**YOUR TASK**
The answer must be every line of the records below that contains the word "zone".

----

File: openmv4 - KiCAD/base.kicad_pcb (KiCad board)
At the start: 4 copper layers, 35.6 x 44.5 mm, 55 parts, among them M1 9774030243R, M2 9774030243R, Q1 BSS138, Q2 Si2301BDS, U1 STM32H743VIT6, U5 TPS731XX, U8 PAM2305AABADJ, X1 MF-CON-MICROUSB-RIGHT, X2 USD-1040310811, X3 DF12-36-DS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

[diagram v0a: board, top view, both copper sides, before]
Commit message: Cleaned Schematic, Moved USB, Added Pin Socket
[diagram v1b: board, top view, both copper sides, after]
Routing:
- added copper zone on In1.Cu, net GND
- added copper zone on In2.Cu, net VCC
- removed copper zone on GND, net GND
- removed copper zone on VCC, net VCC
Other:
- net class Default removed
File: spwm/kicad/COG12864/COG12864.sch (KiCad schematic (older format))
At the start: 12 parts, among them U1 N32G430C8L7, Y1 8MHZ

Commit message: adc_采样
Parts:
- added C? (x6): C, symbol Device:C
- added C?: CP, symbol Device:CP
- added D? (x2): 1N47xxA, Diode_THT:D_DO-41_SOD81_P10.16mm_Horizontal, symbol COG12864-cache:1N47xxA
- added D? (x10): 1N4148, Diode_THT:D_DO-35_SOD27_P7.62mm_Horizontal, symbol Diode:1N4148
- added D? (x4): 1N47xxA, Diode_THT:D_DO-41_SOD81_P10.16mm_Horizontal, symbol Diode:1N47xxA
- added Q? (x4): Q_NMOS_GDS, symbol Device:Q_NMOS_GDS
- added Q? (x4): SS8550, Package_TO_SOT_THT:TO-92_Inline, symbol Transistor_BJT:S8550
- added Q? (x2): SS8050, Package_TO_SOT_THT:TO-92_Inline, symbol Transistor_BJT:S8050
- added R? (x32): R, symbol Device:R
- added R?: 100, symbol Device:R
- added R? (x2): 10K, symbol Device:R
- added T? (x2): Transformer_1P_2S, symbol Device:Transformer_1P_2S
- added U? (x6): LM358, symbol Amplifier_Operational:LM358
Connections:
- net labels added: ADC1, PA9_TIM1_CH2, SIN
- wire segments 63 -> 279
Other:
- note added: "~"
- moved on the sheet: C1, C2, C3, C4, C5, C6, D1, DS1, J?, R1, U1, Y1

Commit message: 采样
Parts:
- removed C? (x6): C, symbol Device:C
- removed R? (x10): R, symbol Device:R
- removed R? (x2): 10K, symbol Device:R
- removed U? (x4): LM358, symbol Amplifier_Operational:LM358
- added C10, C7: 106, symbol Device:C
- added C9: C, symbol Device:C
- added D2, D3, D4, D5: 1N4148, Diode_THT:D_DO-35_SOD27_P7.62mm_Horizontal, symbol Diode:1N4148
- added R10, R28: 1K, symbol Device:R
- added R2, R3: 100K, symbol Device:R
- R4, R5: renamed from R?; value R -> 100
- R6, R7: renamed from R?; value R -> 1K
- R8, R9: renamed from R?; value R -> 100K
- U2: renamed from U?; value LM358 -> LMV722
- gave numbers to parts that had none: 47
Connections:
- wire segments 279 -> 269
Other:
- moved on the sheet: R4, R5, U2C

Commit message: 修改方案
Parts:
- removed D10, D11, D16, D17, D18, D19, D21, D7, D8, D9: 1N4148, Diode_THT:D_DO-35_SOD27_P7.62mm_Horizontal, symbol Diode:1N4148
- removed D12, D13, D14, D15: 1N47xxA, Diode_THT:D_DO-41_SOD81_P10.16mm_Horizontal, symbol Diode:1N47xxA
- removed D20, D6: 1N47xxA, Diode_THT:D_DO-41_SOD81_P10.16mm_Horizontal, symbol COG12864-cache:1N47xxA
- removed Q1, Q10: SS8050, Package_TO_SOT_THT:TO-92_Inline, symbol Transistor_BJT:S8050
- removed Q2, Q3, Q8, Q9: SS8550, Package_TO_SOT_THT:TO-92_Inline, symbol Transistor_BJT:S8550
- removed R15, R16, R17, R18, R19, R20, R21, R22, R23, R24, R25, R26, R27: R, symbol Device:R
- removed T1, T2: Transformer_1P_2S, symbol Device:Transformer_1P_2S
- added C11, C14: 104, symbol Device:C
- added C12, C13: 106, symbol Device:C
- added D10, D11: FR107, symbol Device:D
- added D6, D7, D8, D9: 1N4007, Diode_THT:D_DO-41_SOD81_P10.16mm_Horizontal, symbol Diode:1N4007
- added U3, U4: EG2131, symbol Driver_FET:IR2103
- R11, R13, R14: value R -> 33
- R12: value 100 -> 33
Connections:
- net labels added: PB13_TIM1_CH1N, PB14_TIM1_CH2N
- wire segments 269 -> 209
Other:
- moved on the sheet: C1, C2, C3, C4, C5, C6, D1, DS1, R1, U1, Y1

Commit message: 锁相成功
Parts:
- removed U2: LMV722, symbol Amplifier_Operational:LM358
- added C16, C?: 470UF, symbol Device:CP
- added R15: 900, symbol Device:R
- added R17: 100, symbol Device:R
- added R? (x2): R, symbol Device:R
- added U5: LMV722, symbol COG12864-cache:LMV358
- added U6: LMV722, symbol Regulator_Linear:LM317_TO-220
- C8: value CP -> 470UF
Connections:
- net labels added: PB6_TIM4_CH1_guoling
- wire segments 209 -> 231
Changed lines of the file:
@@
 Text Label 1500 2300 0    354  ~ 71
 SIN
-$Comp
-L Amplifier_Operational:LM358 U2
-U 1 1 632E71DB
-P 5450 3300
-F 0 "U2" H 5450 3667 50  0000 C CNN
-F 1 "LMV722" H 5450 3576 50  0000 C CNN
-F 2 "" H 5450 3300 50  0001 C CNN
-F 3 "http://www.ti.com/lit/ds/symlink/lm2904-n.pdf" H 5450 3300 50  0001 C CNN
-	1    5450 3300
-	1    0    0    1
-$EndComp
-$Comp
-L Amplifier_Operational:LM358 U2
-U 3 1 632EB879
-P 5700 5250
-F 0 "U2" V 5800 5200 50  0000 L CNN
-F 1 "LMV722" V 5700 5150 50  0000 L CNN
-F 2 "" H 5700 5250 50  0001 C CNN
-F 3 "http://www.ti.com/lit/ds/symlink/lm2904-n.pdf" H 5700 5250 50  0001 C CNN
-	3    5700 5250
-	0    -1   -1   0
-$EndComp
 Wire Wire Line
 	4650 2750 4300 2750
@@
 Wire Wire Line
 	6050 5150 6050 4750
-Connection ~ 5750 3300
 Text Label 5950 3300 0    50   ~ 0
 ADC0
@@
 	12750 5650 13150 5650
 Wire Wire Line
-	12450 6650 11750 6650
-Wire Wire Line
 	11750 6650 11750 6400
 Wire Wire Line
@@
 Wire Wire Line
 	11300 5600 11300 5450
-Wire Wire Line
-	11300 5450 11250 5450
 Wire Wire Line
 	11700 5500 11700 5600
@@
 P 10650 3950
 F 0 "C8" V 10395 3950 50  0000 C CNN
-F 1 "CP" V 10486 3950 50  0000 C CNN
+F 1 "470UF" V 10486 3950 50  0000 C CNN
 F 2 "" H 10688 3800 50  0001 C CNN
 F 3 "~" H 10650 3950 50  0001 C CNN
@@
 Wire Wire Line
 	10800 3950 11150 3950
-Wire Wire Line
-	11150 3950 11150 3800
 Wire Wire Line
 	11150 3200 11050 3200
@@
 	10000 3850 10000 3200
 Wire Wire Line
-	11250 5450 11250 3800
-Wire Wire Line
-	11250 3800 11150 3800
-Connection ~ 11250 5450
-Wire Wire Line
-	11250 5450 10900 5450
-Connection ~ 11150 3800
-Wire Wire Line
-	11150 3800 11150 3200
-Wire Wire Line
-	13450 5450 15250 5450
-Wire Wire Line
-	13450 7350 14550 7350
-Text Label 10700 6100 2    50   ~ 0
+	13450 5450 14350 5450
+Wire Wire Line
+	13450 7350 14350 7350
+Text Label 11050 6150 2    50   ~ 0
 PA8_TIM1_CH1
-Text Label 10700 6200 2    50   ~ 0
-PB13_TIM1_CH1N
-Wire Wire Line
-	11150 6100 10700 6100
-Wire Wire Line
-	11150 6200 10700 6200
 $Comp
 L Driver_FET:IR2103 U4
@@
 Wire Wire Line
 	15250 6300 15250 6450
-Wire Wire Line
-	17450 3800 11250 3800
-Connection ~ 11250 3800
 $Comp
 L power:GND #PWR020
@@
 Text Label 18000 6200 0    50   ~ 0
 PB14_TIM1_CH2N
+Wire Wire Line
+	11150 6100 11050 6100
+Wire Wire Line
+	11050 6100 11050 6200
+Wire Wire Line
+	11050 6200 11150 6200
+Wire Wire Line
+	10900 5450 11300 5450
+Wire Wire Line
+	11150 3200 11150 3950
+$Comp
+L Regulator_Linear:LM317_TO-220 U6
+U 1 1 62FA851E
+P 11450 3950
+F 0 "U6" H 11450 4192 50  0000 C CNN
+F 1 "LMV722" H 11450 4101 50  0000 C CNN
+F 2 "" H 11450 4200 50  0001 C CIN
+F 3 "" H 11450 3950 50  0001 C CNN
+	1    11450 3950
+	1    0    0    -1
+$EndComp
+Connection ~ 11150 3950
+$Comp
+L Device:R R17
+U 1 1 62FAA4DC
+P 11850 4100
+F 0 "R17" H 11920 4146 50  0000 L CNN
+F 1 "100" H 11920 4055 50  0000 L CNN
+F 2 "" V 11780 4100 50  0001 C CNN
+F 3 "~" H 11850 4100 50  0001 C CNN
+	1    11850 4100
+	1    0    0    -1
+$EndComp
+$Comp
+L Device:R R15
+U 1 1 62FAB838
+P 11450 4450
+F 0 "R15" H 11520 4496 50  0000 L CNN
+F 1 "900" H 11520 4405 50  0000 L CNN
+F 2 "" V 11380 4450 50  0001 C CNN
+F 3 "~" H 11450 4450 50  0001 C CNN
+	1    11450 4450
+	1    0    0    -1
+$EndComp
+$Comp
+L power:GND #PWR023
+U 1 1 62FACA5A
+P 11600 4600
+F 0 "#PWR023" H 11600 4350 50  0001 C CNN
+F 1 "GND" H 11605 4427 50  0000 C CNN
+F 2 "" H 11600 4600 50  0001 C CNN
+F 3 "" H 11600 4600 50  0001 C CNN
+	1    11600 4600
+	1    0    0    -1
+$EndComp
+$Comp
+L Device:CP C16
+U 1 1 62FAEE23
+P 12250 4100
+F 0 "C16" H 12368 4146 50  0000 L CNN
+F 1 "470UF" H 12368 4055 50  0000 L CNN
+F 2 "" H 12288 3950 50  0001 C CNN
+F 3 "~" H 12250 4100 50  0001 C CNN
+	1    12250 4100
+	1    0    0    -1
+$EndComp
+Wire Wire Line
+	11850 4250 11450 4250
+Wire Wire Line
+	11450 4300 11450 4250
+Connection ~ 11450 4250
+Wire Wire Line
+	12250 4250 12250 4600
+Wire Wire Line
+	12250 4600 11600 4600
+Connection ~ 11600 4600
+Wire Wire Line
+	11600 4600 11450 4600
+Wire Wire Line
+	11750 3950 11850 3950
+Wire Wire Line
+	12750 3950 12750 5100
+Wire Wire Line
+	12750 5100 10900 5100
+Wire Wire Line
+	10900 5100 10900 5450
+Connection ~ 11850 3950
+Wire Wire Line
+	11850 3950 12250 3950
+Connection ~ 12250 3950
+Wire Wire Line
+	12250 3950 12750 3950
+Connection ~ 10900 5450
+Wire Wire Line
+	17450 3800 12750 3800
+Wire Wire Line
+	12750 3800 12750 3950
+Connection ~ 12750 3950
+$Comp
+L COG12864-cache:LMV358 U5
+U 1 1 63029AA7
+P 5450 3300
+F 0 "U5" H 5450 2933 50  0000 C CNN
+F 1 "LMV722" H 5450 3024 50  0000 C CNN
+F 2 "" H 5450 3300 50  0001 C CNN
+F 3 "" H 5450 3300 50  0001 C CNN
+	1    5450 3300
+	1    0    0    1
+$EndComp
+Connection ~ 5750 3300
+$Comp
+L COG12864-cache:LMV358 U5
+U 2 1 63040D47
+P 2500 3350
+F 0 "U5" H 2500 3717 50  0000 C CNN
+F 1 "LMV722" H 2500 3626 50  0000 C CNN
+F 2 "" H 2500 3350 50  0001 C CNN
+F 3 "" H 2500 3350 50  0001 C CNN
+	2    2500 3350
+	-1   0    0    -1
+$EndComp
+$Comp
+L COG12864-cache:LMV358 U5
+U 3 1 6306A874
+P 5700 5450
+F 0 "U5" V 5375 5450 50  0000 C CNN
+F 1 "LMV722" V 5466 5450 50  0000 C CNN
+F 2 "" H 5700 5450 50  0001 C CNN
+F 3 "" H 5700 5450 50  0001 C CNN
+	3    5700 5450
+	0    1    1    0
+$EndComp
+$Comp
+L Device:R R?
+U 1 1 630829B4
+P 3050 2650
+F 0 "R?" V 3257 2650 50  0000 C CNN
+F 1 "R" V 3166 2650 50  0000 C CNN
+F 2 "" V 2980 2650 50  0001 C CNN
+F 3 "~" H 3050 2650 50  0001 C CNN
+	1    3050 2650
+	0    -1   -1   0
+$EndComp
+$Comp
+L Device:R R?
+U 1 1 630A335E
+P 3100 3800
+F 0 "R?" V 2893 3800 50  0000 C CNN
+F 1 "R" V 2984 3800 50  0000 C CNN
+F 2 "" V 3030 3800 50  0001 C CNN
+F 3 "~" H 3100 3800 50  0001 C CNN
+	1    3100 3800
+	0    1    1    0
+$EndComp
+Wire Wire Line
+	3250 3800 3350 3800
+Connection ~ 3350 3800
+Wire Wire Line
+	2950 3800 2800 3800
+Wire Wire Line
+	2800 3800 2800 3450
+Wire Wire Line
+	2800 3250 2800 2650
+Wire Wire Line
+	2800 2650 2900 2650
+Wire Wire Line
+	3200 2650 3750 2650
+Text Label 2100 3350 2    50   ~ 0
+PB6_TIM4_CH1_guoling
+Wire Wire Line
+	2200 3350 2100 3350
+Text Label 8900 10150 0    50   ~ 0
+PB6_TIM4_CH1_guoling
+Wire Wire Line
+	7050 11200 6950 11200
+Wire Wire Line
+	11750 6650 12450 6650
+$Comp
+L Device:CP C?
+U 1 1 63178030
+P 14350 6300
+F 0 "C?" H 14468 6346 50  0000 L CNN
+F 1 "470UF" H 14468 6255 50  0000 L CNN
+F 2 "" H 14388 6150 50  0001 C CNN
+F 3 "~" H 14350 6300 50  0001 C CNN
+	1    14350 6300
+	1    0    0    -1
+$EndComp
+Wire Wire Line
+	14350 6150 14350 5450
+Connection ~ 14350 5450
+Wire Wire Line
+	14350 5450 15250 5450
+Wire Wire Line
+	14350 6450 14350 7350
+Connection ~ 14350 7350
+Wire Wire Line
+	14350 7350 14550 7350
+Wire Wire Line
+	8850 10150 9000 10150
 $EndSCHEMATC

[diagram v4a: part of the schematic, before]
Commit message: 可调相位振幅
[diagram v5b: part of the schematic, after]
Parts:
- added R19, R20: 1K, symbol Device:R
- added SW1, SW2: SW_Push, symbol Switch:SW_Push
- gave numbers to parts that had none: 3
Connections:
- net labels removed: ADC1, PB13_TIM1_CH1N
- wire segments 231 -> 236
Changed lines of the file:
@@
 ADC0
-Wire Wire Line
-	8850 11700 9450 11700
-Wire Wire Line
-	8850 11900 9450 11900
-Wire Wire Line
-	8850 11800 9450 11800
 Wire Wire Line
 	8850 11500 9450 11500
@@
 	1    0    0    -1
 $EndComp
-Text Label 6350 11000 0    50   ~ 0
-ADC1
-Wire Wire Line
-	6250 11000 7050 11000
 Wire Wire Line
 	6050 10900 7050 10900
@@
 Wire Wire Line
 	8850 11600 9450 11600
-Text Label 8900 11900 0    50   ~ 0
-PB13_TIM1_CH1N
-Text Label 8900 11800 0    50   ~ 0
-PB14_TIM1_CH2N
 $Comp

----

**ANSWER BOX**
- added copper zone on In1.Cu, net GND
- added copper zone on In2.Cu, net VCC
- removed copper zone on GND, net GND
- removed copper zone on VCC, net VCC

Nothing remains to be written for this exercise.